Look through the records below for the line holding "-110.4761358863), (-1.2464570661, -113.142805443))". Write it out exactly, with each following line through the line holding "-111.141939973), (9.0834852771, -108.1396355164))".

*** Listed records Section Begins ***

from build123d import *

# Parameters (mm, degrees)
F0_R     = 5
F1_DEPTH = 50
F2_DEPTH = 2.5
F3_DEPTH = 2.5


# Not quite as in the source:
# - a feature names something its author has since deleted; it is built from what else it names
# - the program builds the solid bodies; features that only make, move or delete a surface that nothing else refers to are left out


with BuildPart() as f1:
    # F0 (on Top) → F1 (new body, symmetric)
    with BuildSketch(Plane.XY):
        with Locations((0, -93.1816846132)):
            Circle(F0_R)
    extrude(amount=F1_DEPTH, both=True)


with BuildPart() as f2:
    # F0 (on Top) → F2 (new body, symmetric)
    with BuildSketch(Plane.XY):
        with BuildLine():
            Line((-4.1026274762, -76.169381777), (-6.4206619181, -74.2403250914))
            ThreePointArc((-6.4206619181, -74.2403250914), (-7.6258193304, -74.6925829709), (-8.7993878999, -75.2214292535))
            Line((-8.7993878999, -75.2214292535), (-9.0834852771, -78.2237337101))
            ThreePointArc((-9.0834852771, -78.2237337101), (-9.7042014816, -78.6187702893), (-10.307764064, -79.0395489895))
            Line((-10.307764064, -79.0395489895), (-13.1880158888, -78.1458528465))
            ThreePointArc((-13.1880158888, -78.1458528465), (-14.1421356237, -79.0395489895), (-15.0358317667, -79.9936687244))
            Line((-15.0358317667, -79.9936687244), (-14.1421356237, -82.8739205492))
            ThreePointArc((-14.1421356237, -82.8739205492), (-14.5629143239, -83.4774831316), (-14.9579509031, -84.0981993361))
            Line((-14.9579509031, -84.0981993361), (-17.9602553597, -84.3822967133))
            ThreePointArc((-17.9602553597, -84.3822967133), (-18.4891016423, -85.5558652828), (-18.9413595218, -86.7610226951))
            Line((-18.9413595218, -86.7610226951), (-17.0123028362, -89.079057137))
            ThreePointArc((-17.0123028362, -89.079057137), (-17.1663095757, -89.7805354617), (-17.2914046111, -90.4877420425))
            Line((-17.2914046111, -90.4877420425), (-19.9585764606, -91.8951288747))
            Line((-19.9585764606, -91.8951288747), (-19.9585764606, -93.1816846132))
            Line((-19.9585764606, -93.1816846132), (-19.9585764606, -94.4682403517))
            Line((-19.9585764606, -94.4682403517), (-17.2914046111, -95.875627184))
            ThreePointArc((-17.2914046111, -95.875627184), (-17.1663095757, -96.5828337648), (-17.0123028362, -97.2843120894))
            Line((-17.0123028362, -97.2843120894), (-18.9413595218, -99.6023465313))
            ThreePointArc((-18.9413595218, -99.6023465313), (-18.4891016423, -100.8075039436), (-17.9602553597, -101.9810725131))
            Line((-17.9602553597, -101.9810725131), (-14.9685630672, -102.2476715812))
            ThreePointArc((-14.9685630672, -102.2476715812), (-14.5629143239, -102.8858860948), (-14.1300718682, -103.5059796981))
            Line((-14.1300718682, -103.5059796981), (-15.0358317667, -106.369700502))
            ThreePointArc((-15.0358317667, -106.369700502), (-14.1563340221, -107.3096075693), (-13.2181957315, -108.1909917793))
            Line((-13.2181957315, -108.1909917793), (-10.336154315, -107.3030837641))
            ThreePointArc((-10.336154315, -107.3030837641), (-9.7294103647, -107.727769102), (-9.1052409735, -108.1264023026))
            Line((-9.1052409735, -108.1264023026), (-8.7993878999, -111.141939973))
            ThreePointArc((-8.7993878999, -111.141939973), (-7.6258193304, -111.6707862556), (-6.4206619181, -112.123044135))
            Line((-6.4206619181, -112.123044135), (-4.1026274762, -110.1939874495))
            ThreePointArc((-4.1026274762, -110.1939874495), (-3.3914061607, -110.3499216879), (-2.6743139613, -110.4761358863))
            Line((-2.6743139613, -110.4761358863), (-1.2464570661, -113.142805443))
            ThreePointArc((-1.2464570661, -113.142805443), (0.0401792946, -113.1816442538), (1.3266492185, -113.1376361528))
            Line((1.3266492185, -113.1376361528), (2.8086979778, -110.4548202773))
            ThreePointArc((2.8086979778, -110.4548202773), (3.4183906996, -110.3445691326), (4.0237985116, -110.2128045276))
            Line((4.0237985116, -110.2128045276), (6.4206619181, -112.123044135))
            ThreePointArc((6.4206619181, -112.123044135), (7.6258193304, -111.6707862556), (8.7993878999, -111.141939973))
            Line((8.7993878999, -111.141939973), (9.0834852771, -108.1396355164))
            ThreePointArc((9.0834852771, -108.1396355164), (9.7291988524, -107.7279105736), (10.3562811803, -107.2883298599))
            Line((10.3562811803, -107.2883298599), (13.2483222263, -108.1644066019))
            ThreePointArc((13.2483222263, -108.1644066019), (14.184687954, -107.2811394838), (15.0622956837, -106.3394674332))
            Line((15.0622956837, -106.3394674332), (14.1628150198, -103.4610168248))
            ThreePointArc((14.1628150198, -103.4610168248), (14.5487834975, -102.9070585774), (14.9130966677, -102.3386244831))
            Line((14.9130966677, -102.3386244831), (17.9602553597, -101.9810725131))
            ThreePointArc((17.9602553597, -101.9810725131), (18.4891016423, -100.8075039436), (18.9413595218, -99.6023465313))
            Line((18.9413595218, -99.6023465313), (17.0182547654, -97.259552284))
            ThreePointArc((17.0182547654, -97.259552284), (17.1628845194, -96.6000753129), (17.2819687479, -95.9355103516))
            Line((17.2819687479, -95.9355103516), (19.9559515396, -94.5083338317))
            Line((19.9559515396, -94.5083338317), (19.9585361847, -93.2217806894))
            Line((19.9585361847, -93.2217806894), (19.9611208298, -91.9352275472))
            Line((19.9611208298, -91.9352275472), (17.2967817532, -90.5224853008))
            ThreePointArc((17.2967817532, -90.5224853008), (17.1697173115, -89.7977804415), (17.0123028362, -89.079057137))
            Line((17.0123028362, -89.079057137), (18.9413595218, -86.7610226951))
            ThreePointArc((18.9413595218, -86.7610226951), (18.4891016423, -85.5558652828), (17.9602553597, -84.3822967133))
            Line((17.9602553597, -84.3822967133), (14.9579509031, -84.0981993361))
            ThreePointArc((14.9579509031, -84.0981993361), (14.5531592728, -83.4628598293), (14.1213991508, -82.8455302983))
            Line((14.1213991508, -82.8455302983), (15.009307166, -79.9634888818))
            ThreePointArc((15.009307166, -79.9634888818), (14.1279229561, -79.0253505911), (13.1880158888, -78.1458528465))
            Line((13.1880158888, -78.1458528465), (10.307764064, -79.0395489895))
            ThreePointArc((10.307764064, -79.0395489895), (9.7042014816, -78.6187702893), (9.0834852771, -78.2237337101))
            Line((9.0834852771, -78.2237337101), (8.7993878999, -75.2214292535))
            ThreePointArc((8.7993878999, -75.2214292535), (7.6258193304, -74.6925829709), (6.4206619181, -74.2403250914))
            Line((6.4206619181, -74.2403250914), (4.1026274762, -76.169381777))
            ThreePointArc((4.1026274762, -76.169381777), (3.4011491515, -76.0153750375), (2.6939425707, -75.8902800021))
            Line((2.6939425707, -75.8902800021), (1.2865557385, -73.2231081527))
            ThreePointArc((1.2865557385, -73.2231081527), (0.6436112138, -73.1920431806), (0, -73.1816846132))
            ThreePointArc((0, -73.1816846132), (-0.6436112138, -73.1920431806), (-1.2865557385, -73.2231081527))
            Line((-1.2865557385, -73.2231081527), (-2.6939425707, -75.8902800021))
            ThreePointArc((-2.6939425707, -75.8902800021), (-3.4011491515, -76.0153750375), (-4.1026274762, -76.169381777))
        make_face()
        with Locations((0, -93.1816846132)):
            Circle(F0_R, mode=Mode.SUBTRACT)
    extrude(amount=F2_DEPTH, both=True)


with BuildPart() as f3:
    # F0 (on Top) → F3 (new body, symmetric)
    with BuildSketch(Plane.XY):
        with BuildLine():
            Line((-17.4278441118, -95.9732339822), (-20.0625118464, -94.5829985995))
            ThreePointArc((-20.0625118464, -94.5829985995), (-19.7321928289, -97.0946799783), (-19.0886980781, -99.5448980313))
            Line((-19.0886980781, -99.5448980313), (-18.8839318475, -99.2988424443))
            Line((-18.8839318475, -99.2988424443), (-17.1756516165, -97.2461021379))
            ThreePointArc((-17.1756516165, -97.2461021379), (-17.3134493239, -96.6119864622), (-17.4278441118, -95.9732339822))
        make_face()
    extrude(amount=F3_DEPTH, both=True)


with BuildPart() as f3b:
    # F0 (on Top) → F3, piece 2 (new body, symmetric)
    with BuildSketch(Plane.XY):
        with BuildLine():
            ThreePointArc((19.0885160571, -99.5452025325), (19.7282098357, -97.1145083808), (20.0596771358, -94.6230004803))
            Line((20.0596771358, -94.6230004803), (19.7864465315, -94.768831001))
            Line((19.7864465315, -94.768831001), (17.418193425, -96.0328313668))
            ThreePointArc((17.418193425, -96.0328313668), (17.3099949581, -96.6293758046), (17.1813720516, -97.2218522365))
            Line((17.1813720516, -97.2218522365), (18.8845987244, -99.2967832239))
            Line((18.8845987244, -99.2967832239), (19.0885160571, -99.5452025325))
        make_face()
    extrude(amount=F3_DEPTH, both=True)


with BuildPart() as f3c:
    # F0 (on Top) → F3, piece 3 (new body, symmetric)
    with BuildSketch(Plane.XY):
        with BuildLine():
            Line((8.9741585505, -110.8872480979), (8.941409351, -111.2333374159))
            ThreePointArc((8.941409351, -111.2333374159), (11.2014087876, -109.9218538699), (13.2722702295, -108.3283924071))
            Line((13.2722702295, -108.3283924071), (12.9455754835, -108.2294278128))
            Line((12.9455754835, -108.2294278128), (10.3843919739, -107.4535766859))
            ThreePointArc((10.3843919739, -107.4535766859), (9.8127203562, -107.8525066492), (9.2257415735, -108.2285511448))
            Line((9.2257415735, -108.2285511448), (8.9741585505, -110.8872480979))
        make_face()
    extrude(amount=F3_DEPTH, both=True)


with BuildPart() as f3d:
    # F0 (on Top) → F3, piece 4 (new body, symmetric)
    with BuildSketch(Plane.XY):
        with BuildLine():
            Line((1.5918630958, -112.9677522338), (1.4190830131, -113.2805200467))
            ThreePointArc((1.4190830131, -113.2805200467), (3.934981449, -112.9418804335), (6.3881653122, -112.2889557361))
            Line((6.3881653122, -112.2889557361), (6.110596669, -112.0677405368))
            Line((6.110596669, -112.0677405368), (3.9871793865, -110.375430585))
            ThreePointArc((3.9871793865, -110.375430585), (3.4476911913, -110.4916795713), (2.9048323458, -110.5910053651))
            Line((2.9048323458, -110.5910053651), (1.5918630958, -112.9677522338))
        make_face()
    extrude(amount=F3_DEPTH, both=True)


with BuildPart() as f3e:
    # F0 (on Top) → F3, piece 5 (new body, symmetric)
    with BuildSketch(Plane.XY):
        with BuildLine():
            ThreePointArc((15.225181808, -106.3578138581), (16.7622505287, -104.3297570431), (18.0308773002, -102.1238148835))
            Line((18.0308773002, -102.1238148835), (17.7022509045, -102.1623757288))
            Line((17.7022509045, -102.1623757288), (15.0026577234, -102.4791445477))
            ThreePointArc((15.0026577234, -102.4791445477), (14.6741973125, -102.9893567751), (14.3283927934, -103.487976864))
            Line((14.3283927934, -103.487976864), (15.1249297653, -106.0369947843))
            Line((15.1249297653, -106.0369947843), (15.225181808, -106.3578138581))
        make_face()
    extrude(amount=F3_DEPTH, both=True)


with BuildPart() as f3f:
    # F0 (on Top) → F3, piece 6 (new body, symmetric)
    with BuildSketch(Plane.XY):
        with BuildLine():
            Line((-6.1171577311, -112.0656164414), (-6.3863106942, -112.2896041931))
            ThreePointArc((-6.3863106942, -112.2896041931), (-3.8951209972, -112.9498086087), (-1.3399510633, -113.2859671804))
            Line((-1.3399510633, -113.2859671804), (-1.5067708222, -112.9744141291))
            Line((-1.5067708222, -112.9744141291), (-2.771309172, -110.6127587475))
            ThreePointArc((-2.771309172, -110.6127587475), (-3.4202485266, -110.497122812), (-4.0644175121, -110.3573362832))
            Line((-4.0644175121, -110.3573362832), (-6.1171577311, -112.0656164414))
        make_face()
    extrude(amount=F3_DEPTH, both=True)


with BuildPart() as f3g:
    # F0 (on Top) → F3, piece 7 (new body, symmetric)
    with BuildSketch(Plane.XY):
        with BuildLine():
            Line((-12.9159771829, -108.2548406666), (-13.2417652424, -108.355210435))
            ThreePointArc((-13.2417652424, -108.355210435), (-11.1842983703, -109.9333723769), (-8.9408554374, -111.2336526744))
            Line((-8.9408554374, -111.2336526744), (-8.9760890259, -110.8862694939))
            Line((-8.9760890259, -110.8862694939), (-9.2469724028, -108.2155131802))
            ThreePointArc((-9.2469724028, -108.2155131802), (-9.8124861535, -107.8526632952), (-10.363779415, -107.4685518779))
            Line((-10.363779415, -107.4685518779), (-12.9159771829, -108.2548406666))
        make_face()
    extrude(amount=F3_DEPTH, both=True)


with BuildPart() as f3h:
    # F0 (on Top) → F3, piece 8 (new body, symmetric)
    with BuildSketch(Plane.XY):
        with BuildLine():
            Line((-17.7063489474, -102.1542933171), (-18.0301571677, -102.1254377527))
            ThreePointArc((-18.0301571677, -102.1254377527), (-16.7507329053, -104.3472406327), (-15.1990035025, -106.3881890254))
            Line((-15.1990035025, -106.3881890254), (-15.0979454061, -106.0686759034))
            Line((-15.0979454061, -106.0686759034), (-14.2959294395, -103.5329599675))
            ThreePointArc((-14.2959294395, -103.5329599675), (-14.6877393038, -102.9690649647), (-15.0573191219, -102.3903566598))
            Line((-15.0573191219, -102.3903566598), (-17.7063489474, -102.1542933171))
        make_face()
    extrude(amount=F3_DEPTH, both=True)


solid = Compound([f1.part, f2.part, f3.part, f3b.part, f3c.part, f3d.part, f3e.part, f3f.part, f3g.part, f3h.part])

*** Listed records Section Ends ***

- _Result of the task_:
            Line((-2.6743139613, -110.4761358863), (-1.2464570661, -113.142805443))
            ThreePointArc((-1.2464570661, -113.142805443), (0.0401792946, -113.1816442538), (1.3266492185, -113.1376361528))
            Line((1.3266492185, -113.1376361528), (2.8086979778, -110.4548202773))
            ThreePointArc((2.8086979778, -110.4548202773), (3.4183906996, -110.3445691326), (4.0237985116, -110.2128045276))
            Line((4.0237985116, -110.2128045276), (6.4206619181, -112.123044135))
            ThreePointArc((6.4206619181, -112.123044135), (7.6258193304, -111.6707862556), (8.7993878999, -111.141939973))
            Line((8.7993878999, -111.141939973), (9.0834852771, -108.1396355164))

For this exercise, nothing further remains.